For the Natchez civil rights monument commemorating black marchers’ “Parchman Ordeal” 54 years ago, $38,300 was included last March in a bill that earmarks money for a variety of local projects around the state.
Natchez Mayor Darryl Grennell has been leading the efforts to build the monument that will memorialize the plight more than 150 blacks endured in 1965 when arrested and jailed by Natchez law-enforcement officers as the marchers were protesting for civil rights.
With a total cost earlier estimated at about $115,000, the black granite monument and accompanying plaza is located at the corner of Jefferson and Canal streets on the Natchez City Auditorium grounds.
The state funds for this can be combined with the $38,300 the city Board of Aldermen has allocated along with more than $15,000 the mayor has said has been raised in private funds for the monument’s construction.
It’ll commemorate the “Parchman Ordeal” when blacks protesting segregation and obstruction of their voting rights were arrested. They were thrown into the city and county jails or corralled into City Auditorium. According to historical accounts, many marchers wound up being bused to the state prison at Parchman, stripped naked in cold weather and inhumanely packed into cells in unsanitary conditions. They were released a few days later.
Grennell has said the monument is “to memorialize those who were part of this horrific event,”
City funds were provided by money it gets from the Magnolia Bluffs Casino in Natchez. The casino pays rent for leasing the city-owned land it occupies.
Plans for the “Proud to Take a Stand” monument called for it to be a six-foot-tall, 12-foot-long semicircle monument. It’s to be accompanied by a sitting wall and small plaza with a written narrative of the event and names of those arrested. It’ll also take note of the official contrition expressed in 2015 by the Natchez Board of Aldermen in a resolution apologizing to blacks “who suffered these injustices.”
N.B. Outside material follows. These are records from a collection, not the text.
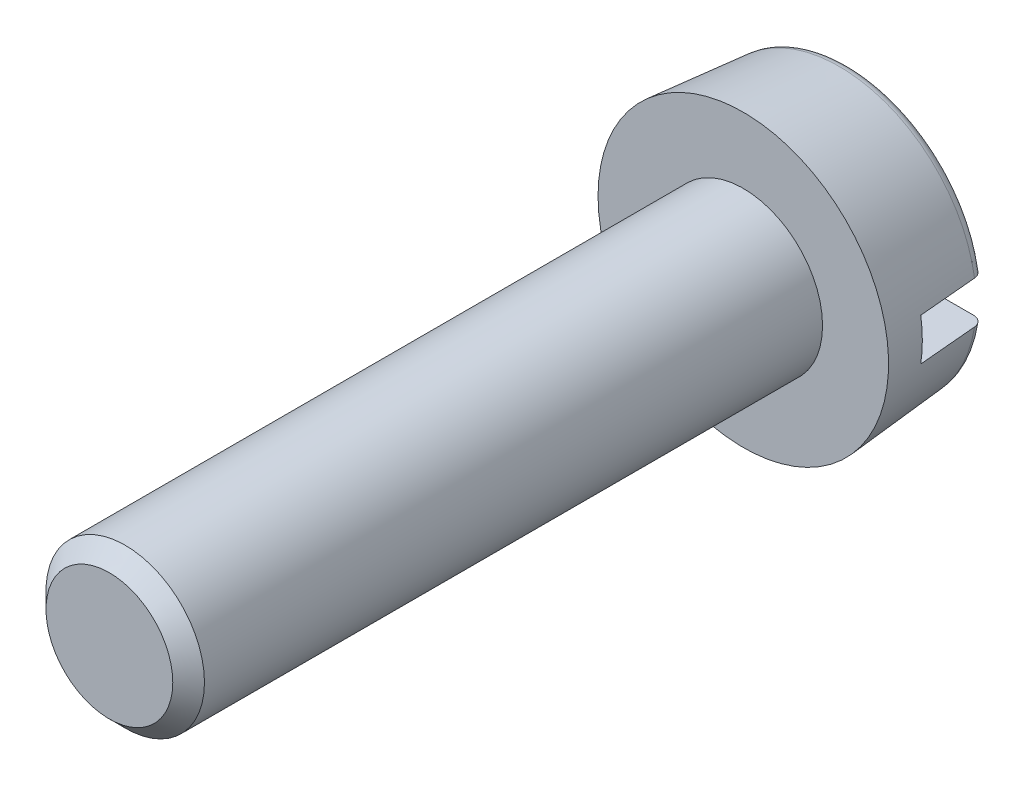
ISO-10303-21;
HEADER;
FILE_DESCRIPTION(('STEP AP214'),'2;1');
FILE_NAME('part.step','',(''),(''),'','','');
FILE_SCHEMA(('AUTOMOTIVE_DESIGN { 1 0 10303 214 1 1 1 1 }'));
ENDSEC;
DATA;
#1=APPLICATION_CONTEXT('core data for automotive mechanical design processes');
#2=APPLICATION_PROTOCOL_DEFINITION('international standard','automotive_design',2000,#1);
#3=PRODUCT_CONTEXT('',#1,'mechanical');
#4=PRODUCT('Part','Part','',(#3));
#5=PRODUCT_RELATED_PRODUCT_CATEGORY('part','',(#4));
#6=PRODUCT_DEFINITION_FORMATION('','',#4);
#7=PRODUCT_DEFINITION_CONTEXT('part definition',#1,'design');
#8=PRODUCT_DEFINITION('design','',#6,#7);
#9=PRODUCT_DEFINITION_SHAPE('','',#8);
#10=(LENGTH_UNIT() NAMED_UNIT(*) SI_UNIT(.MILLI.,.METRE.));
#11=(NAMED_UNIT(*) PLANE_ANGLE_UNIT() SI_UNIT($,.RADIAN.));
#12=(NAMED_UNIT(*) SI_UNIT($,.STERADIAN.) SOLID_ANGLE_UNIT());
#13=UNCERTAINTY_MEASURE_WITH_UNIT(LENGTH_MEASURE(1.E-05),#10,'distance_accuracy_value','');
#14=(GEOMETRIC_REPRESENTATION_CONTEXT(3) GLOBAL_UNCERTAINTY_ASSIGNED_CONTEXT((#13)) GLOBAL_UNIT_ASSIGNED_CONTEXT((#10,
#11,#12)) REPRESENTATION_CONTEXT('',''));
#15=CARTESIAN_POINT('',(0.,0.,0.));
#16=DIRECTION('',(0.,0.,1.));
#17=DIRECTION('',(1.,0.,0.));
#18=AXIS2_PLACEMENT_3D('',#15,#16,#17);
#19=CARTESIAN_POINT('',(0.,0.,-2.));
#20=DIRECTION('',(0.,0.,1.));
#21=DIRECTION('',(1.,0.,0.));
#22=AXIS2_PLACEMENT_3D('',#19,#20,#21);
#23=PLANE('',#22);
#24=DIRECTION('',(1.,0.,0.));
#25=VECTOR('',#24,1.);
#26=CARTESIAN_POINT('',(-2.75,-0.4,-2.));
#27=LINE('',#26,#25);
#28=CARTESIAN_POINT('',(-2.35807100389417,-0.4,-2.));
#29=VERTEX_POINT('',#28);
#30=CARTESIAN_POINT('',(2.35807100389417,-0.4,-2.));
#31=VERTEX_POINT('',#30);
#32=EDGE_CURVE('E196',#29,#31,#27,.T.);
#33=ORIENTED_EDGE('',*,*,#32,.T.);
#34=CARTESIAN_POINT('',(0.,0.,-2.));
#35=DIRECTION('',(0.,0.,-1.));
#36=DIRECTION('',(-1.,0.,0.));
#37=AXIS2_PLACEMENT_3D('',#34,#35,#36);
#38=CIRCLE('',#37,2.39175643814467);
#39=EDGE_CURVE('E106',#31,#29,#38,.T.);
#40=ORIENTED_EDGE('',*,*,#39,.T.);
#41=EDGE_LOOP('',(#33,#40));
#42=FACE_BOUND('',#41,.T.);
#43=ADVANCED_FACE('F26',(#42),#23,.F.);
#44=DIRECTION('',(-1.,0.,0.));
#45=VECTOR('',#44,1.);
#46=CARTESIAN_POINT('',(-2.75,0.4,-2.));
#47=LINE('',#46,#45);
#48=CARTESIAN_POINT('',(2.35807100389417,0.4,-2.));
#49=VERTEX_POINT('',#48);
#50=CARTESIAN_POINT('',(-2.35807100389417,0.4,-2.));
#51=VERTEX_POINT('',#50);
#52=EDGE_CURVE('E91',#49,#51,#47,.T.);
#53=ORIENTED_EDGE('',*,*,#52,.T.);
#54=EDGE_CURVE('E103',#51,#49,#38,.T.);
#55=ORIENTED_EDGE('',*,*,#54,.T.);
#56=EDGE_LOOP('',(#53,#55));
#57=FACE_BOUND('',#56,.T.);
#58=ADVANCED_FACE('F137',(#57),#23,.F.);
#59=CARTESIAN_POINT('',(0.,0.,-1.8));
#60=DIRECTION('',(0.,0.,-1.));
#61=DIRECTION('',(-1.,0.,0.));
#62=AXIS2_PLACEMENT_3D('',#59,#60,#61);
#63=TOROIDAL_SURFACE('',#62,2.39175643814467,0.2);
#64=CARTESIAN_POINT('',(-2.46056004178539,-0.4,-1.6274373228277));
#65=CARTESIAN_POINT('',(-2.47035713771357,-0.4,-1.63309189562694));
#66=CARTESIAN_POINT('',(-2.47967120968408,-0.4,-1.63958058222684));
#67=CARTESIAN_POINT('',(-2.49708617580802,-0.4,-1.65401697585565));
#68=CARTESIAN_POINT('',(-2.50518738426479,-0.4,-1.66196430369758));
#69=CARTESIAN_POINT('',(-2.51994054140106,-0.4,-1.67911855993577));
#70=CARTESIAN_POINT('',(-2.5265913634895,-0.4,-1.68832645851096));
#71=CARTESIAN_POINT('',(-2.53823475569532,-0.4,-1.70773274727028));
#72=CARTESIAN_POINT('',(-2.5432279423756,-0.4,-1.71793076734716));
#73=CARTESIAN_POINT('',(-2.55137056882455,-0.4,-1.73893734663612));
#74=CARTESIAN_POINT('',(-2.55453548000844,-0.4,-1.7497399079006));
#75=CARTESIAN_POINT('',(-2.55899152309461,-0.4,-1.77172702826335));
#76=CARTESIAN_POINT('',(-2.56028235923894,-0.4,-1.78291164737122));
#77=CARTESIAN_POINT('',(-2.56094692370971,-0.4,-1.80525009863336));
#78=CARTESIAN_POINT('',(-2.56033550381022,-0.4,-1.8164034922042));
#79=CARTESIAN_POINT('',(-2.55724668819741,-0.4,-1.83844701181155));
#80=CARTESIAN_POINT('',(-2.55476962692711,-0.4,-1.84933718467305));
#81=CARTESIAN_POINT('',(-2.54811803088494,-0.4,-1.87025531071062));
#82=CARTESIAN_POINT('',(-2.54399201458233,-0.4,-1.88029873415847));
#83=CARTESIAN_POINT('',(-2.53416340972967,-0.4,-1.89958227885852));
#84=CARTESIAN_POINT('',(-2.52846069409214,-0.4,-1.90882233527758));
#85=CARTESIAN_POINT('',(-2.51532195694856,-0.4,-1.92668639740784));
#86=CARTESIAN_POINT('',(-2.50781480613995,-0.4,-1.93525817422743));
#87=CARTESIAN_POINT('',(-2.49146359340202,-0.4,-1.9510149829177));
#88=CARTESIAN_POINT('',(-2.4826193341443,-0.4,-1.95819980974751));
#89=CARTESIAN_POINT('',(-2.46385856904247,-0.4,-1.9709840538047));
#90=CARTESIAN_POINT('',(-2.4539426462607,-0.4,-1.9765843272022));
#91=CARTESIAN_POINT('',(-2.43331831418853,-0.4,-1.98605791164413));
#92=CARTESIAN_POINT('',(-2.42260990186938,-0.4,-1.98993121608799));
#93=CARTESIAN_POINT('',(-2.40060009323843,-0.4,-1.99587983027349));
#94=CARTESIAN_POINT('',(-2.38929418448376,-0.4,-1.99793844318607));
#95=CARTESIAN_POINT('',(-2.36649726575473,-0.4,-2.00014639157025));
#96=CARTESIAN_POINT('',(-2.35500624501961,-0.4,-2.00029561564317));
#97=CARTESIAN_POINT('',(-2.33205956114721,-0.4,-1.99867602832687));
#98=CARTESIAN_POINT('',(-2.32060506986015,-0.4,-1.99689056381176));
#99=CARTESIAN_POINT('',(-2.298157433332,-0.4,-1.99142360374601));
#100=CARTESIAN_POINT('',(-2.28716429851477,-0.4,-1.98774206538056));
#101=CARTESIAN_POINT('',(-2.26594729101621,-0.4,-1.97857791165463));
#102=CARTESIAN_POINT('',(-2.25572391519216,-0.4,-1.97309414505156));
#103=CARTESIAN_POINT('',(-2.23635374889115,-0.4,-1.96047345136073));
#104=CARTESIAN_POINT('',(-2.22720691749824,-0.4,-1.95333658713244));
#105=CARTESIAN_POINT('',(-2.21034118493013,-0.4,-1.93767625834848));
#106=CARTESIAN_POINT('',(-2.20261024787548,-0.4,-1.92916576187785));
#107=CARTESIAN_POINT('',(-2.18871351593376,-0.4,-1.91095027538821));
#108=CARTESIAN_POINT('',(-2.18254759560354,-0.4,-1.90124538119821));
#109=CARTESIAN_POINT('',(-2.17205702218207,-0.4,-1.88107521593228));
#110=CARTESIAN_POINT('',(-2.16770567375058,-0.4,-1.8706238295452));
#111=CARTESIAN_POINT('',(-2.16084806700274,-0.4,-1.84913260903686));
#112=CARTESIAN_POINT('',(-2.15834160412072,-0.4,-1.83809284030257));
#113=CARTESIAN_POINT('',(-2.15527626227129,-0.4,-1.81590555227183));
#114=CARTESIAN_POINT('',(-2.15469036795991,-0.4,-1.80476175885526));
#115=CARTESIAN_POINT('',(-2.15540871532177,-0.4,-1.78253485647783));
#116=CARTESIAN_POINT('',(-2.1567129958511,-0.4,-1.77145174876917));
#117=CARTESIAN_POINT('',(-2.16115872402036,-0.4,-1.74972083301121));
#118=CARTESIAN_POINT('',(-2.16429062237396,-0.4,-1.73907106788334));
#119=CARTESIAN_POINT('',(-2.17228616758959,-0.4,-1.71844530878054));
#120=CARTESIAN_POINT('',(-2.17714955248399,-0.4,-1.70846921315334));
#121=CARTESIAN_POINT('',(-2.18849754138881,-0.4,-1.68940045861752));
#122=CARTESIAN_POINT('',(-2.19499228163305,-0.4,-1.6803138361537));
#123=CARTESIAN_POINT('',(-2.20939691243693,-0.4,-1.66333658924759));
#124=CARTESIAN_POINT('',(-2.21730736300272,-0.4,-1.65544644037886));
#125=CARTESIAN_POINT('',(-2.23443758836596,-0.4,-1.64097145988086));
#126=CARTESIAN_POINT('',(-2.24367438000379,-0.4,-1.6344067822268));
#127=CARTESIAN_POINT('',(-2.26310409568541,-0.4,-1.62288608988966));
#128=CARTESIAN_POINT('',(-2.27329719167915,-0.4,-1.61793036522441));
#129=CARTESIAN_POINT('',(-2.28383355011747,-0.4,-1.61386077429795));
#130=B_SPLINE_CURVE_WITH_KNOTS('',3,(#64,#65,#66,#67,#68,#69,#70,#71,#72,#73,#74,#75,#76,#77,
#78,#79,#80,#81,#82,#83,#84,#85,#86,#87,#88,#89,#90,#91,#92,#93,#94,#95,#96,#97,#98,#99,#100,
#101,#102,#103,#104,#105,#106,#107,#108,#109,#110,#111,#112,#113,#114,#115,#116,#117,#118,#119,
#120,#121,#122,#123,#124,#125,#126,#127,#128,#129),.UNSPECIFIED.,.F.,.F.,(4,2,2,2,2,2,2,2,2,2,2,
2,2,2,2,2,2,2,2,2,2,2,2,2,2,2,2,2,2,2,2,2,4),(0.,0.033894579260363,0.067780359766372,
0.101692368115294,0.135591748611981,0.16919989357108,0.202813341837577,0.236165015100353,
0.269510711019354,0.301940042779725,0.334371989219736,0.368390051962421,0.402413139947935,
0.436417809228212,0.470422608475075,0.504737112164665,0.539053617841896,0.573667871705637,
0.60828290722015,0.642920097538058,0.677555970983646,0.711882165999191,0.746205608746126,
0.780004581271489,0.813799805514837,0.847117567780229,0.880436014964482,0.913581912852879,
0.946722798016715,0.98007492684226,1.01344027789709,1.04728001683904,1.08112585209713),.UNSPECIFIED.);
#131=CARTESIAN_POINT('',(-2.55993301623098,-0.4,-1.81743114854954));
#132=VERTEX_POINT('',#131);
#133=EDGE_CURVE('E48',#29,#132,#130,.F.);
#134=ORIENTED_EDGE('',*,*,#133,.F.);
#135=ORIENTED_EDGE('',*,*,#39,.F.);
#136=CARTESIAN_POINT('',(2.26463348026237,-0.4,-1.62245170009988));
#137=CARTESIAN_POINT('',(2.25450054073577,-0.4,-1.62761569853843));
#138=CARTESIAN_POINT('',(2.24480752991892,-0.4,-1.63364077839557));
#139=CARTESIAN_POINT('',(2.22655983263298,-0.4,-1.64721950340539));
#140=CARTESIAN_POINT('',(2.21800507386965,-0.4,-1.65477305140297));
#141=CARTESIAN_POINT('',(2.20228447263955,-0.4,-1.67122264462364));
#142=CARTESIAN_POINT('',(2.1951197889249,-0.4,-1.68011979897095));
#143=CARTESIAN_POINT('',(2.18240904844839,-0.4,-1.69899889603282));
#144=CARTESIAN_POINT('',(2.17686229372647,-0.4,-1.70898036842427));
#145=CARTESIAN_POINT('',(2.16761264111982,-0.4,-1.7296271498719));
#146=CARTESIAN_POINT('',(2.16388939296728,-0.4,-1.74028333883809));
#147=CARTESIAN_POINT('',(2.15831063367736,-0.4,-1.76207632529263));
#148=CARTESIAN_POINT('',(2.15645538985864,-0.4,-1.77321319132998));
#149=CARTESIAN_POINT('',(2.15468535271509,-0.4,-1.79549349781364));
#150=CARTESIAN_POINT('',(2.15474560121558,-0.4,-1.80663496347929));
#151=CARTESIAN_POINT('',(2.15674287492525,-0.4,-1.82874600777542));
#152=CARTESIAN_POINT('',(2.15867941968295,-0.4,-1.83971562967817));
#153=CARTESIAN_POINT('',(2.16422713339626,-0.4,-1.86064578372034));
#154=CARTESIAN_POINT('',(2.16775159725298,-0.4,-1.87062942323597));
#155=CARTESIAN_POINT('',(2.17634210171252,-0.4,-1.88991007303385));
#156=CARTESIAN_POINT('',(2.18140828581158,-0.4,-1.89920701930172));
#157=CARTESIAN_POINT('',(2.19339026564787,-0.4,-1.917566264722));
#158=CARTESIAN_POINT('',(2.20041839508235,-0.4,-1.92655545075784));
#159=CARTESIAN_POINT('',(2.21588967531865,-0.4,-1.94322154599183));
#160=CARTESIAN_POINT('',(2.2243331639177,-0.4,-1.95089814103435));
#161=CARTESIAN_POINT('',(2.24237838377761,-0.4,-1.96472641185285));
#162=CARTESIAN_POINT('',(2.25197933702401,-0.4,-1.97087910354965));
#163=CARTESIAN_POINT('',(2.27206860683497,-0.4,-1.98150489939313));
#164=CARTESIAN_POINT('',(2.28255691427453,-0.4,-1.98597802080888));
#165=CARTESIAN_POINT('',(2.30424234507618,-0.4,-1.99316733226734));
#166=CARTESIAN_POINT('',(2.31544577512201,-0.4,-1.99586450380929));
#167=CARTESIAN_POINT('',(2.33814570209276,-0.4,-1.99935479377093));
#168=CARTESIAN_POINT('',(2.34964221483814,-0.4,-2.00014780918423));
#169=CARTESIAN_POINT('',(2.37268954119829,-0.4,-1.99980564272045));
#170=CARTESIAN_POINT('',(2.38424015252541,-0.4,-1.99865658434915));
#171=CARTESIAN_POINT('',(2.40698369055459,-0.4,-1.99443117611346));
#172=CARTESIAN_POINT('',(2.41817661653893,-0.4,-1.99135482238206));
#173=CARTESIAN_POINT('',(2.43985624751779,-0.4,-1.98336386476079));
#174=CARTESIAN_POINT('',(2.4503445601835,-0.4,-1.97845362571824));
#175=CARTESIAN_POINT('',(2.47033664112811,-0.4,-1.96692517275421));
#176=CARTESIAN_POINT('',(2.47984045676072,-0.4,-1.96030704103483));
#177=CARTESIAN_POINT('',(2.49749194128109,-0.4,-1.94561808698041));
#178=CARTESIAN_POINT('',(2.50565202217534,-0.4,-1.93756218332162));
#179=CARTESIAN_POINT('',(2.5204828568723,-0.4,-1.92017934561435));
#180=CARTESIAN_POINT('',(2.52715370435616,-0.4,-1.91085249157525));
#181=CARTESIAN_POINT('',(2.53872804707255,-0.4,-1.89131867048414));
#182=CARTESIAN_POINT('',(2.54365271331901,-0.4,-1.88112424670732));
#183=CARTESIAN_POINT('',(2.5517001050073,-0.4,-1.8600476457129));
#184=CARTESIAN_POINT('',(2.55482298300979,-0.4,-1.8491655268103));
#185=CARTESIAN_POINT('',(2.55914820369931,-0.4,-1.82714318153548));
#186=CARTESIAN_POINT('',(2.5603700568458,-0.4,-1.81600678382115));
#187=CARTESIAN_POINT('',(2.56091765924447,-0.4,-1.79368689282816));
#188=CARTESIAN_POINT('',(2.56024334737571,-0.4,-1.78250339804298));
#189=CARTESIAN_POINT('',(2.55702614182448,-0.4,-1.76045880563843));
#190=CARTESIAN_POINT('',(2.5544914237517,-0.4,-1.74959651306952));
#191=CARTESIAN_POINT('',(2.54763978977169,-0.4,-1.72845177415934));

From the Parchman Ordeal GoFundMe page:
Our mission is to memorialize and commemorate those who were unjustly arrested in Natchez, MS. October 2-5, 1965 by establishing a monument in honor of those wronged for taking a stand against racism and injustices against blacks in Natchez.
About this project
The Story
The south is no stranger to racial division. Natchez, MS. in the early 1960s was heir to segregation, oppression, and a local tourism economy built on a promotion of white antebellum culture and the motto “Where the Old South Still Lives.” Now, 53 years later, after hundreds of black Natchez citizens faced unjust, harsh imprisonment at Mississippi State Penitentiary in Parchman, the city plans to memorialize those involved in the infamous ordeal by remembering those who took a stand against injustice with a monument.
Background
KKK violence, public marches in Natchez streets, and harassment in retaliation for earl voter registration activities led to a climate of unrest in Natchez by early 1960s. The assassination of Civil Rights Activist Medgar Evers in Jackson and the powerful stand by Rosa Parks in Montgomery were inspirational events to young local activists in Natchez.
With tension on the rise, a list of 12 demands were presented to the Natchez government, with a threat of marches to follow if they were not met. The list included:
1. For the mayor and board of aldermen to denounce the KKK publicly.
2. Equal employment opportunities for blacks, including positions on the police force.
3. To desegregate all public accommodations in compliance with the Civil Rights Act of 1964.
To provide equal public services to residents in Negro sections of Natchez.
5. To desegregate Natchez schools and appoint blacks to the school board.
The Mayor and Board rejected the demands. On Saturday, October 2nd, more than 300 people lined up to march in defiance of the injunction; another 150 planned to march Sunday. Though these marches were to begin from two baptist churches downtown, the participants were picked up immediately on the sidewalks in front of the churches before the marches could proceed and taken to the Natchez City Auditorium for holding.
All were arrested on charges of parading without a permit, and with the local jail filled, those over 12 years of age were sent to Parchman Penitentiary, more than 200 miles away. At Parchman everyone was stripped of their clothing. Men and boys were kept naked and housed and placed in cells that was only intended for 2, but with more than 10, with fans blowing and windows left open to the cold air at night. Women and girls were hosed down but allowed to keep their underwear on. All were given laxatives and allowed only minimal toilet paper. They were left to find their own way back to Natchez, with most being back within 5 days. The KKK harassed and threaded those who drive north to assist or check on them.
More than 100 marchers were arrested on October 4th, bringing the total number of those arrested in Natchez to more than 500.